- _What the task asks_: The output should be every line below that includes the word "operation".
"""
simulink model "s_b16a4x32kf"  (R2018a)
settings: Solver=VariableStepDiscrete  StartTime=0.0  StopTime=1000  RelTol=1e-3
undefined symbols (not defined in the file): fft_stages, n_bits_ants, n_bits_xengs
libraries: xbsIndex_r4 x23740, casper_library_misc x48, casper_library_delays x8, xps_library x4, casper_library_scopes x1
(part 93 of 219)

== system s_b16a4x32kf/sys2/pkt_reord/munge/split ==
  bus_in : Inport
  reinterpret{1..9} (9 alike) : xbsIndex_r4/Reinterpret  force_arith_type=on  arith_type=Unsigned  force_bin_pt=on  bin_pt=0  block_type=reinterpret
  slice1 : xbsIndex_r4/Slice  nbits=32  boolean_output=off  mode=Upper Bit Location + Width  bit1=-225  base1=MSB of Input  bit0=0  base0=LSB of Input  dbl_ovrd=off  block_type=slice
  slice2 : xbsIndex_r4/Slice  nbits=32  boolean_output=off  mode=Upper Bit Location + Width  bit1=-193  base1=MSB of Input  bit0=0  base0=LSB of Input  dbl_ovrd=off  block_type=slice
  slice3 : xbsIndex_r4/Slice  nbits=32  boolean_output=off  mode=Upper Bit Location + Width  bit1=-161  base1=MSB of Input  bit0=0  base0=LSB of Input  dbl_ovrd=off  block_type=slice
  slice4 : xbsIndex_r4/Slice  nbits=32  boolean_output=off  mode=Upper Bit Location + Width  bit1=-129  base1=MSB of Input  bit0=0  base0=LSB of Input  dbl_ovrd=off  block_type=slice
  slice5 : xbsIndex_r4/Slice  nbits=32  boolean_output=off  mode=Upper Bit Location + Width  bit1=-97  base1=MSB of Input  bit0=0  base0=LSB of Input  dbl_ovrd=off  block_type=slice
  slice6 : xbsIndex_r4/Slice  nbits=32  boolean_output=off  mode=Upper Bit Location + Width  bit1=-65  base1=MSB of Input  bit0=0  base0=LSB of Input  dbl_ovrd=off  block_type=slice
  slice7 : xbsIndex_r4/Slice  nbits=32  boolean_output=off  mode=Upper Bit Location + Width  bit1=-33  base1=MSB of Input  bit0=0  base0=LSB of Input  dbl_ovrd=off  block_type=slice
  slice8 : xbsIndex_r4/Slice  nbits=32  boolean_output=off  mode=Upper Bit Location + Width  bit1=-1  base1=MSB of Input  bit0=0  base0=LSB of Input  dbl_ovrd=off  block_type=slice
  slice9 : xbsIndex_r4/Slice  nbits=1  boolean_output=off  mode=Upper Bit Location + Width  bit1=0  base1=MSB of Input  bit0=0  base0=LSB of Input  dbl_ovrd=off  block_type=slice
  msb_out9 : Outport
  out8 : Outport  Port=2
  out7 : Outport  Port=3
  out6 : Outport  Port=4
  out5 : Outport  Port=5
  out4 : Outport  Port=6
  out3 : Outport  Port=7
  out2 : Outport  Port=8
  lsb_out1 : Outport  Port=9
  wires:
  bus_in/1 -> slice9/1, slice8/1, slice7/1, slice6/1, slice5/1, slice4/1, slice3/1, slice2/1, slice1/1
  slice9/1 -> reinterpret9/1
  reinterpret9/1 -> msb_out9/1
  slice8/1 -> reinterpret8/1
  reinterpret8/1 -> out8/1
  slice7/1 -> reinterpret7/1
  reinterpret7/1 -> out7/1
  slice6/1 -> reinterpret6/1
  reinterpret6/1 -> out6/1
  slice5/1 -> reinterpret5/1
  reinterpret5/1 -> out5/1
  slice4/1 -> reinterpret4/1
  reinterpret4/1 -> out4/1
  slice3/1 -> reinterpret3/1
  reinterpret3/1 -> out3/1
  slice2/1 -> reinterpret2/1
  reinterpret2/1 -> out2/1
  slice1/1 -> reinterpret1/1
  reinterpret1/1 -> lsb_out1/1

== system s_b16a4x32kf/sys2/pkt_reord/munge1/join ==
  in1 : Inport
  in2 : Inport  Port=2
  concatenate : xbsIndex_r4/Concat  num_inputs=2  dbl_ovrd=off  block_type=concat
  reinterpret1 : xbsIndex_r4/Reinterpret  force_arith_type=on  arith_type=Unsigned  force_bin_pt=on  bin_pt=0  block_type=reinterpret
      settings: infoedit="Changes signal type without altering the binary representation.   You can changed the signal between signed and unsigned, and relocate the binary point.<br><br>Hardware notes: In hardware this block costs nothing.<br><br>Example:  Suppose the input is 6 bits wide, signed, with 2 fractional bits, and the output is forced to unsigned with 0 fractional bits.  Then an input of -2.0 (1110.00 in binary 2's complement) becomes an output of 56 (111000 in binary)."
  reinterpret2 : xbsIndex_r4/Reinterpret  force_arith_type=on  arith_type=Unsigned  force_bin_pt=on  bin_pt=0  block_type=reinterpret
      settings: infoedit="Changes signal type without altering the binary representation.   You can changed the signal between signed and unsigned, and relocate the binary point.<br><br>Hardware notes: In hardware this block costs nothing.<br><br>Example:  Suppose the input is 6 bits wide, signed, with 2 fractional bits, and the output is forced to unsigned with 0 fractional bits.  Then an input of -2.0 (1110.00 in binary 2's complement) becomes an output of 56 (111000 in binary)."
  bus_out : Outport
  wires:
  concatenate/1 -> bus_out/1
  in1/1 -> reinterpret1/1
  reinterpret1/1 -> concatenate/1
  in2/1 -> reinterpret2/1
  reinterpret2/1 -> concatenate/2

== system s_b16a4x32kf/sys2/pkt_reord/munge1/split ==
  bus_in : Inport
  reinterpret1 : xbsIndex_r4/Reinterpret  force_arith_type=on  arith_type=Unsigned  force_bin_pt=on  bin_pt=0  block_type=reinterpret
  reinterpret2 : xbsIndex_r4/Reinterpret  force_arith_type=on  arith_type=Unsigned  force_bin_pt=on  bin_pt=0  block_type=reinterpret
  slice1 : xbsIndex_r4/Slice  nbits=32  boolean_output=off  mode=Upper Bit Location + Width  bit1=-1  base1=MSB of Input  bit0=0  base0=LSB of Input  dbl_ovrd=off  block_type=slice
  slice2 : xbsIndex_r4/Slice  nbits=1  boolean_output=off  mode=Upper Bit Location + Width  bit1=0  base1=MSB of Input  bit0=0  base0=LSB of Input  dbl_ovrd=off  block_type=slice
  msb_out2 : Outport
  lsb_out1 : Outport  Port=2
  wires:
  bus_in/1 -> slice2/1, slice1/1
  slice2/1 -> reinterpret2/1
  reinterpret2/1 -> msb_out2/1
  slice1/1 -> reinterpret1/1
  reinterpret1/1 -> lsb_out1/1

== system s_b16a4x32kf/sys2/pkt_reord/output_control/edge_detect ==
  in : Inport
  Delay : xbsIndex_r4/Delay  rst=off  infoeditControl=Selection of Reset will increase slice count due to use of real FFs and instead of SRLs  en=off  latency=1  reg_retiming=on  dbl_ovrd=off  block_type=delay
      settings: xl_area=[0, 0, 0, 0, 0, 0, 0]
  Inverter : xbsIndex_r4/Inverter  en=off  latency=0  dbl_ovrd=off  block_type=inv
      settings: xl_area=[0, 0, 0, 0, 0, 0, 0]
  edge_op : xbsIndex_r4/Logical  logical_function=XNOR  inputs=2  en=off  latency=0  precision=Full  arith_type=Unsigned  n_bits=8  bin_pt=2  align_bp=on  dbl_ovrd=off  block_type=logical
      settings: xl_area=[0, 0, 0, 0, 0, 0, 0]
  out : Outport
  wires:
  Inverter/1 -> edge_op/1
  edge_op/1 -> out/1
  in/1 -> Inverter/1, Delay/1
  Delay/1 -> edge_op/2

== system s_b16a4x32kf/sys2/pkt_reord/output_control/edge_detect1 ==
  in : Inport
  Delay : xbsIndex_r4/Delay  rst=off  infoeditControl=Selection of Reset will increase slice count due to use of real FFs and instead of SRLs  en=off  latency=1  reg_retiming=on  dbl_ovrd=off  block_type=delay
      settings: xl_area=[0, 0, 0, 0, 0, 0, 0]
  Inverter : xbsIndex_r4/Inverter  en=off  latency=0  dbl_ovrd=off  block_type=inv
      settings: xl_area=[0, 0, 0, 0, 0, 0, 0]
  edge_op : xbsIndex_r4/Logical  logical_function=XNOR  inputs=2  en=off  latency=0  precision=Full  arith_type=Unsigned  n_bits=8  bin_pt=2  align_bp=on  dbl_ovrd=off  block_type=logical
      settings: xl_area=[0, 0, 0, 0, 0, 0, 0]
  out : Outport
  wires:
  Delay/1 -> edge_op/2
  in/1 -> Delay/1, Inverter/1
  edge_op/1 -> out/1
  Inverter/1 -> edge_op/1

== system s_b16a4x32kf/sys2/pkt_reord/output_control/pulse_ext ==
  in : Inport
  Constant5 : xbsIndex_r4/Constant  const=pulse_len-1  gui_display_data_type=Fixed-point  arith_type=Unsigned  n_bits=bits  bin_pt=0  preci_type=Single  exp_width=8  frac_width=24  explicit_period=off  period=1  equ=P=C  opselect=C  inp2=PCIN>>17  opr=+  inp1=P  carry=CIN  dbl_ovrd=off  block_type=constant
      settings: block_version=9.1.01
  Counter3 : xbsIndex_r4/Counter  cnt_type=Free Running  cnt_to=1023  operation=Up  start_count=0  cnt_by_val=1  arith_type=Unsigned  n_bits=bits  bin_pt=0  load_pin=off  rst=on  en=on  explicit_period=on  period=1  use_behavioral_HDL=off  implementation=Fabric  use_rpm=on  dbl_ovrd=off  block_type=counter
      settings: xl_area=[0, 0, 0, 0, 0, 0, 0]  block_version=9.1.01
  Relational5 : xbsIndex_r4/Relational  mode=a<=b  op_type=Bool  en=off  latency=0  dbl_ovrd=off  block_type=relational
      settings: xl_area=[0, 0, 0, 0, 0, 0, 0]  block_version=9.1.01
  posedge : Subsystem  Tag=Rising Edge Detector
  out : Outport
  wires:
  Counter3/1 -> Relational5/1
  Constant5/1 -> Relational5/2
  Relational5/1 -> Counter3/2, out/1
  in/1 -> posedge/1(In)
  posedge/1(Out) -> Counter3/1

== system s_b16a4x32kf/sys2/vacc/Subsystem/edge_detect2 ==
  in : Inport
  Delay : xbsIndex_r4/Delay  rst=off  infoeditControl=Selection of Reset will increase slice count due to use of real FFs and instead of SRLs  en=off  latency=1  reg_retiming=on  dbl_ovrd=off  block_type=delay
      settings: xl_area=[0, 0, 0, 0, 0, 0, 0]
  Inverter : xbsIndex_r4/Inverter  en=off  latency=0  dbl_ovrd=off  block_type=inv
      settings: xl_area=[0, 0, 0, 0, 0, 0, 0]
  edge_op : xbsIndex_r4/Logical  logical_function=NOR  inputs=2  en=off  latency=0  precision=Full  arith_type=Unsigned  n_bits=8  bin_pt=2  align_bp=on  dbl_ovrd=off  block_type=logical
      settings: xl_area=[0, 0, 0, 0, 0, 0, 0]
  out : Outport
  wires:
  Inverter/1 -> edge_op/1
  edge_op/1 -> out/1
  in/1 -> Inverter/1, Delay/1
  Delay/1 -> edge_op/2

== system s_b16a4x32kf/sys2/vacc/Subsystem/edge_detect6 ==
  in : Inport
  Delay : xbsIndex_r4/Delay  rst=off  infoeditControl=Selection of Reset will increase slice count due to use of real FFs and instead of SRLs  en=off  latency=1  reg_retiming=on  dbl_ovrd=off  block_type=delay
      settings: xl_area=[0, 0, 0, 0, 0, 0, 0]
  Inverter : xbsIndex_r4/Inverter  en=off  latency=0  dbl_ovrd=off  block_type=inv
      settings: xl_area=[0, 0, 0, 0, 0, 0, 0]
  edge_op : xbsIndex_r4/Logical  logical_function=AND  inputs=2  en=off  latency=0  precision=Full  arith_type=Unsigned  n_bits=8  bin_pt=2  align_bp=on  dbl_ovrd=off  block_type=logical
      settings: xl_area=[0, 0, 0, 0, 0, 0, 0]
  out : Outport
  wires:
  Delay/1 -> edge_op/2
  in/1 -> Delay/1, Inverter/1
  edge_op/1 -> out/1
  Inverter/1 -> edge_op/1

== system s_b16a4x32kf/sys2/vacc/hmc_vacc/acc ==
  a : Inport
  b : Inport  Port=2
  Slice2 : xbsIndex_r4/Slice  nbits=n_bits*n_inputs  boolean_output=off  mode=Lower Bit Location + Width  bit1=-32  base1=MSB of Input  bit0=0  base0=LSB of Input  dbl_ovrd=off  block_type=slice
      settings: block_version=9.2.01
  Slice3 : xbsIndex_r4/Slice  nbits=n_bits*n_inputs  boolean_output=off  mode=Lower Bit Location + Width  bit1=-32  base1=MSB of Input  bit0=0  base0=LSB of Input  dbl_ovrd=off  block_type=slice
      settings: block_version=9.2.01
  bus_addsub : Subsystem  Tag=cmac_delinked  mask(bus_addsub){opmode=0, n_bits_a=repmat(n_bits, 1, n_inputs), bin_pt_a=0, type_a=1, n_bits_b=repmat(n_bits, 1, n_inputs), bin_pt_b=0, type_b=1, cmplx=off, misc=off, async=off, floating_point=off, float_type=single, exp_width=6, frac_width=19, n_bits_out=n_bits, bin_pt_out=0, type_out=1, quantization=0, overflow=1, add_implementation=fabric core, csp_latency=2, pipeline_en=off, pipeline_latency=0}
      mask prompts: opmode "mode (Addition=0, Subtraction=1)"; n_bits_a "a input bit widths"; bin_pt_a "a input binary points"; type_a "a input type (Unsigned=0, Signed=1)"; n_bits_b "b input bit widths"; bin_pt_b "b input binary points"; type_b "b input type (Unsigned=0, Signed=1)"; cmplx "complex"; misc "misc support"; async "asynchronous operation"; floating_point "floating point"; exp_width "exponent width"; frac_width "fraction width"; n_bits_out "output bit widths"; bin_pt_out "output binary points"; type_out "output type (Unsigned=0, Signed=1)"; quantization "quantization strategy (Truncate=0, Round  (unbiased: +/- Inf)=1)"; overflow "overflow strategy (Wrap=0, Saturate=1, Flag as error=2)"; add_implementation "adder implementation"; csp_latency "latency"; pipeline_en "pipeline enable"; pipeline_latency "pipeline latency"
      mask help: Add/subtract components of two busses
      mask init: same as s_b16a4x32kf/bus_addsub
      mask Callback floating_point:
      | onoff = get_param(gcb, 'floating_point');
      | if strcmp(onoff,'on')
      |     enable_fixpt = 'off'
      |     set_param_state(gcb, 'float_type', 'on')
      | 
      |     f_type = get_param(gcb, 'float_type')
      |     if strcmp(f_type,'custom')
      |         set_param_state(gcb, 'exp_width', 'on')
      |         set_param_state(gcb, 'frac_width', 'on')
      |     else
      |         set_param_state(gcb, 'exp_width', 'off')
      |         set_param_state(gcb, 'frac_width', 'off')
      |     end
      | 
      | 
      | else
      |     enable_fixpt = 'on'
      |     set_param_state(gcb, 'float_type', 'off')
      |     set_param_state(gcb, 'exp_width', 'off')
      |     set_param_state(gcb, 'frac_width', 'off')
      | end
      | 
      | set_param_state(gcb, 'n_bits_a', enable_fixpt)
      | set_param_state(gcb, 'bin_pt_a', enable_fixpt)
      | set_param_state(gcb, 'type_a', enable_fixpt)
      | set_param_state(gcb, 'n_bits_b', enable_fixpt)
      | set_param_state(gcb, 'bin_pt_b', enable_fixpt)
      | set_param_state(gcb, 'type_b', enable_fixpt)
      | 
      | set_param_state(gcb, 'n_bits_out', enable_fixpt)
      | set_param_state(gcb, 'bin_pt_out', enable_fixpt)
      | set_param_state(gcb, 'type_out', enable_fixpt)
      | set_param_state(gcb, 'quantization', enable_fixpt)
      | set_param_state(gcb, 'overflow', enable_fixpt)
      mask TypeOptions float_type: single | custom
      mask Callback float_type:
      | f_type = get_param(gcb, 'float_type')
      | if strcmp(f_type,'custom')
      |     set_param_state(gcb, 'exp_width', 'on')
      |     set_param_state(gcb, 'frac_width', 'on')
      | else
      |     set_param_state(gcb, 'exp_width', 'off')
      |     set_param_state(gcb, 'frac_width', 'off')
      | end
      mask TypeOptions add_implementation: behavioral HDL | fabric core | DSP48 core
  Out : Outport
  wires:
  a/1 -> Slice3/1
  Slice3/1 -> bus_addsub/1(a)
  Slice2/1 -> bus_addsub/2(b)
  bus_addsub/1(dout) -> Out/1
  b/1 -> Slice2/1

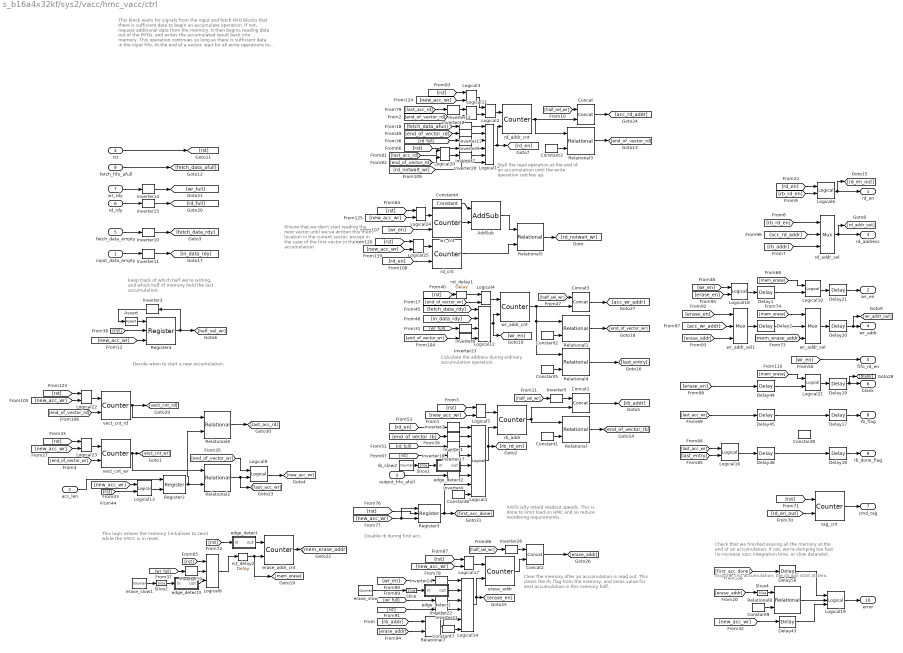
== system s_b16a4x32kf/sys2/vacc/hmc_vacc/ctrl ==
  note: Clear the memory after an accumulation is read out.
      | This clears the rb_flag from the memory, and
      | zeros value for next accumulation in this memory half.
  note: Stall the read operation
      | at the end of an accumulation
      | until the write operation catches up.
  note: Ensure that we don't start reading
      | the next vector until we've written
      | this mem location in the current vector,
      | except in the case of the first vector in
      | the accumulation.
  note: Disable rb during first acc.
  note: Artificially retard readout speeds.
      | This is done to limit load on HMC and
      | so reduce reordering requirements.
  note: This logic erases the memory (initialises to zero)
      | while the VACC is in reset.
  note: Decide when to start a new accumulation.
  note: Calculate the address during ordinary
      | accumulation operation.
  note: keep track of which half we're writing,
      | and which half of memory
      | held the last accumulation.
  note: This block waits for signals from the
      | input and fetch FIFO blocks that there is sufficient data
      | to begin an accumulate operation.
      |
"""
- _Output for this exercise_:
  Counter3 : xbsIndex_r4/Counter  cnt_type=Free Running  cnt_to=1023  operation=Up  start_count=0  cnt_by_val=1  arith_type=Unsigned  n_bits=bits  bin_pt=0  load_pin=off  rst=on  en=on  explicit_period=on  period=1  use_behavioral_HDL=off  implementation=Fabric  use_rpm=on  dbl_ovrd=off  block_type=counter
      mask prompts: opmode "mode (Addition=0, Subtraction=1)"; n_bits_a "a input bit widths"; bin_pt_a "a input binary points"; type_a "a input type (Unsigned=0, Signed=1)"; n_bits_b "b input bit widths"; bin_pt_b "b input binary points"; type_b "b input type (Unsigned=0, Signed=1)"; cmplx "complex"; misc "misc support"; async "asynchronous operation"; floating_point "floating point"; exp_width "exponent width"; frac_width "fraction width"; n_bits_out "output bit widths"; bin_pt_out "output binary points"; type_out "output type (Unsigned=0, Signed=1)"; quantization "quantization strategy (Truncate=0, Round  (unbiased: +/- Inf)=1)"; overflow "overflow strategy (Wrap=0, Saturate=1, Flag as error=2)"; add_implementation "adder implementation"; csp_latency "latency"; pipeline_en "pipeline enable"; pipeline_latency "pipeline latency"
  note: Stall the read operation
      | until the write operation catches up.
      | accumulation operation.
      | to begin an accumulate operation.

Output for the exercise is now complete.